TASK INSTRUCTIONS: Where a line below includes the word "firmware", copy that line.

DATA RECORDS:
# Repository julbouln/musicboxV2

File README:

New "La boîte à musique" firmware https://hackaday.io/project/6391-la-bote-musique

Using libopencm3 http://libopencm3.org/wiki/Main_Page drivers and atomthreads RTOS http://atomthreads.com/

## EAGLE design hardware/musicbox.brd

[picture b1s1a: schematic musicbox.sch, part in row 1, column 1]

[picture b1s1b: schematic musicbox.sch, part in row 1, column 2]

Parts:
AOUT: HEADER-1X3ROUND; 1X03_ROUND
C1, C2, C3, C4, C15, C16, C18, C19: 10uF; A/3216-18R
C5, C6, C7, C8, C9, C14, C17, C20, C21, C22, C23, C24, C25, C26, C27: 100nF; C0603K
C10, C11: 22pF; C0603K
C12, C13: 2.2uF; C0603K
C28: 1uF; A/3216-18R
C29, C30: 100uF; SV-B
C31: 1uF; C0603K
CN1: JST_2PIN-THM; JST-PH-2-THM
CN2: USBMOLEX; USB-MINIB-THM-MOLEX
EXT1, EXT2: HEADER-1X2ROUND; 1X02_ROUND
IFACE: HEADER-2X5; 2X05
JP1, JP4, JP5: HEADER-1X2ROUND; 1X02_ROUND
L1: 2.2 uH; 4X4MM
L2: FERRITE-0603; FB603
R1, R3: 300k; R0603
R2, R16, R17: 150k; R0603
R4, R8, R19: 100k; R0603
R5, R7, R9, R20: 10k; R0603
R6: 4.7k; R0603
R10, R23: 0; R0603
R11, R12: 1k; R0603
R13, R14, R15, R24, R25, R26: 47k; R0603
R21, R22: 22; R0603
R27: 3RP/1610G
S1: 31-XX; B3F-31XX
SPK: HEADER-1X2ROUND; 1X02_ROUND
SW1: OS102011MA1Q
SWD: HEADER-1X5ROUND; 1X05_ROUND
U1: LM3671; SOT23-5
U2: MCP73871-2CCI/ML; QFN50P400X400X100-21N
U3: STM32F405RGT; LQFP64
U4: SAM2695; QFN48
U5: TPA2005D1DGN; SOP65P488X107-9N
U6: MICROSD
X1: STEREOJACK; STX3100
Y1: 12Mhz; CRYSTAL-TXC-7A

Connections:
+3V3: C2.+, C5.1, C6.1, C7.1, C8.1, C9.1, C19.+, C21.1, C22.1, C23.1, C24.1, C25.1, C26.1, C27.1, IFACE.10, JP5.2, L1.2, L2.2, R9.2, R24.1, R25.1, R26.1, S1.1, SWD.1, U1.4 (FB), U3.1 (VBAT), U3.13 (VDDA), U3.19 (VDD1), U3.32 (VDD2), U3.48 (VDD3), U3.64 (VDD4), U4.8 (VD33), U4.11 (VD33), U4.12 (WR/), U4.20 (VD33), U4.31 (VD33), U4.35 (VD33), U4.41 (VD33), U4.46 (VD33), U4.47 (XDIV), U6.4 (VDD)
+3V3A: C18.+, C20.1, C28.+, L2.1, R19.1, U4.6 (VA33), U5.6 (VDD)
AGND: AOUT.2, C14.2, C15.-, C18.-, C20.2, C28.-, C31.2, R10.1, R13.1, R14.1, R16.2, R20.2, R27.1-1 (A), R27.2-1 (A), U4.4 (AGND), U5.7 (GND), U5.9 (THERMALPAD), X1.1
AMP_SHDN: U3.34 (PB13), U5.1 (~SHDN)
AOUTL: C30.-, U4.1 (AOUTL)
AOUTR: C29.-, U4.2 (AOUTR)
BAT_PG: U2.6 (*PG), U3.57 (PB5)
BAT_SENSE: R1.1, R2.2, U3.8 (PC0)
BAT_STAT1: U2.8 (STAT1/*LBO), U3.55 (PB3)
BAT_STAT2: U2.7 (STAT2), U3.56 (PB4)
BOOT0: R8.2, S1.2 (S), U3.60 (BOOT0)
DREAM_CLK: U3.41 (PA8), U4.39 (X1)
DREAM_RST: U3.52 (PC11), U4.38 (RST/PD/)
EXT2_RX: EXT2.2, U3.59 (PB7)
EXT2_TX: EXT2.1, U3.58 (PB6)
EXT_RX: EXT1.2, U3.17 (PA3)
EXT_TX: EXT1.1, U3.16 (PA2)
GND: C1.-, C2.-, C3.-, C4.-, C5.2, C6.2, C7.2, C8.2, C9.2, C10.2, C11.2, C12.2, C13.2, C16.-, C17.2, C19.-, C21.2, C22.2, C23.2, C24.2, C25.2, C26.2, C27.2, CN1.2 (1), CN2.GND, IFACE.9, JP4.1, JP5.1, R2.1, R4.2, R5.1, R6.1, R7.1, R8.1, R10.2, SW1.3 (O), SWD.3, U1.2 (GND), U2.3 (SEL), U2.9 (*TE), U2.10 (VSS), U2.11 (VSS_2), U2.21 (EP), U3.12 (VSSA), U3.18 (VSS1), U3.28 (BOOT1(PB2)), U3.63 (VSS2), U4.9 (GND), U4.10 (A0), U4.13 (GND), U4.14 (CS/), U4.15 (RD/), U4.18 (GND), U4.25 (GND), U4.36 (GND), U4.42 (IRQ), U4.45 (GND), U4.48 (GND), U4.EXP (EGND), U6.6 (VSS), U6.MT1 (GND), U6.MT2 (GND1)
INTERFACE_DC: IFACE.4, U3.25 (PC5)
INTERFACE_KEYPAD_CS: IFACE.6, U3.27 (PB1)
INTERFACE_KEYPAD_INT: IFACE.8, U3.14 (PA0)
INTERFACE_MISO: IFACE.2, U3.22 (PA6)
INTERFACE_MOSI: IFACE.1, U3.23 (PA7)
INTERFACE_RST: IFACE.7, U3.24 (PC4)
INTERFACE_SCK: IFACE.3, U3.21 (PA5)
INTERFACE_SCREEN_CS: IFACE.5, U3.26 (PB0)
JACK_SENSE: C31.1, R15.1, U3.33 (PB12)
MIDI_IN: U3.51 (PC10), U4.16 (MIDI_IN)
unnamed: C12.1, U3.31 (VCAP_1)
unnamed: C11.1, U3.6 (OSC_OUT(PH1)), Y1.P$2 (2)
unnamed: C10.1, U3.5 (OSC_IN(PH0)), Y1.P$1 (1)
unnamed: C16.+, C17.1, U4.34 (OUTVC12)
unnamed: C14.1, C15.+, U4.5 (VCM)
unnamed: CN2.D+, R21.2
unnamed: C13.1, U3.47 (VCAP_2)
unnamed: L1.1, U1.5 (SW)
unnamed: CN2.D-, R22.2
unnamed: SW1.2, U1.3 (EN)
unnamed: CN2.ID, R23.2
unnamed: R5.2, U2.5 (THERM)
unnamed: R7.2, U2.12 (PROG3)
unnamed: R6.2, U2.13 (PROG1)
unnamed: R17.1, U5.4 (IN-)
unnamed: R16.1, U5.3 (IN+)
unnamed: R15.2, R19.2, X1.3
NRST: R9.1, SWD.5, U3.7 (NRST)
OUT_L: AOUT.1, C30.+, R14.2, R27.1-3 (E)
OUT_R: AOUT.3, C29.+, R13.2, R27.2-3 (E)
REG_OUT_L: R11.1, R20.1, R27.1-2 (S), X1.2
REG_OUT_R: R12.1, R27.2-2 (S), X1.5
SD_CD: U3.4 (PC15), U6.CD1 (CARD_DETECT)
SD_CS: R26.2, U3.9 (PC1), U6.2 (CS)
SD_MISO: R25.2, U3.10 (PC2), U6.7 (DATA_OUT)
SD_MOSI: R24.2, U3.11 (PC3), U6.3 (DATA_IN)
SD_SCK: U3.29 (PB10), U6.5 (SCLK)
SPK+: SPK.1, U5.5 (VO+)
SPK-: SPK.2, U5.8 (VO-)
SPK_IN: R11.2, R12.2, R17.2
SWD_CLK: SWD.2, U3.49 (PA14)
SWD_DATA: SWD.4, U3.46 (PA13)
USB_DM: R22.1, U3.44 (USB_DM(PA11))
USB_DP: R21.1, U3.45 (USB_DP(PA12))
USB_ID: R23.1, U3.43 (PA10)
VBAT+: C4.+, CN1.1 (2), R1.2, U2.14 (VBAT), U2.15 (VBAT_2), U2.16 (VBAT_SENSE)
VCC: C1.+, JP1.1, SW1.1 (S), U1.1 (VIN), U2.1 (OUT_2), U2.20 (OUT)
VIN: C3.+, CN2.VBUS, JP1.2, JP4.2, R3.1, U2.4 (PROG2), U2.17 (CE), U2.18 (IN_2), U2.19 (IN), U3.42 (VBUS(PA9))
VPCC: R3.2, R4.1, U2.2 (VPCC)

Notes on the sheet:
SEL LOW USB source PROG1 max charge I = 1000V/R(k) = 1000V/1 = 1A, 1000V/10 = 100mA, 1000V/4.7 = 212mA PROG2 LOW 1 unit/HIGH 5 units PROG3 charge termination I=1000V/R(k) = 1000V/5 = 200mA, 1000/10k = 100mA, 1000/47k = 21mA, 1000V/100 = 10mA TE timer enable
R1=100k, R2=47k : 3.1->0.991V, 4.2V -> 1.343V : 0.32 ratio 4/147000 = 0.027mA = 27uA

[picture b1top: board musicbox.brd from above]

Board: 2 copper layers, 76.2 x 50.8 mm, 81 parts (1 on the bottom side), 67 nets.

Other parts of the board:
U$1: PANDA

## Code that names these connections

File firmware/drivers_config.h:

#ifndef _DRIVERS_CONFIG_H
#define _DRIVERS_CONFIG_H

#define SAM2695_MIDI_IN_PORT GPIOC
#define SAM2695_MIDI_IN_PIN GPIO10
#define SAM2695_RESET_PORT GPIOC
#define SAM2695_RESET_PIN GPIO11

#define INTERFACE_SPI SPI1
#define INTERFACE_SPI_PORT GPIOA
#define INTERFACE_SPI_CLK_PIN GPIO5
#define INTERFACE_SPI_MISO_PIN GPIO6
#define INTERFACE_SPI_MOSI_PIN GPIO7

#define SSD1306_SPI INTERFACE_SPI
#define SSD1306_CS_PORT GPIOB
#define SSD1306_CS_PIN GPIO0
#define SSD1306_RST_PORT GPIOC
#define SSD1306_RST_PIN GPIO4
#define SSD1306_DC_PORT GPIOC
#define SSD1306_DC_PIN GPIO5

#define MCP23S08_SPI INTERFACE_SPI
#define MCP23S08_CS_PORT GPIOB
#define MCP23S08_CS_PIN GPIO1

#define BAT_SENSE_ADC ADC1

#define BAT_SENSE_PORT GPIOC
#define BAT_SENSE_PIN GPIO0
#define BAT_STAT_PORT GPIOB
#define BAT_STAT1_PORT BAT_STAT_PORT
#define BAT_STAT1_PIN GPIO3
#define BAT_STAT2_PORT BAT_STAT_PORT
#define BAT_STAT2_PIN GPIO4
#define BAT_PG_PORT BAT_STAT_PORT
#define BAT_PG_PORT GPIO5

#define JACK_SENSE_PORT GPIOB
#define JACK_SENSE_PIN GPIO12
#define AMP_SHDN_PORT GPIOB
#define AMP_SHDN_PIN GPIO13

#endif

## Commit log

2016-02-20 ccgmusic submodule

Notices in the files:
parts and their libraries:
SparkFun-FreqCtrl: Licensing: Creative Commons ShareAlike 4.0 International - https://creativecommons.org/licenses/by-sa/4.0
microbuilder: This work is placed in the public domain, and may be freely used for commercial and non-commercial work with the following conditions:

WRITTEN ANSWER:
New "La boîte à musique" firmware https://hackaday.io/project/6391-la-bote-musique
File firmware/drivers_config.h:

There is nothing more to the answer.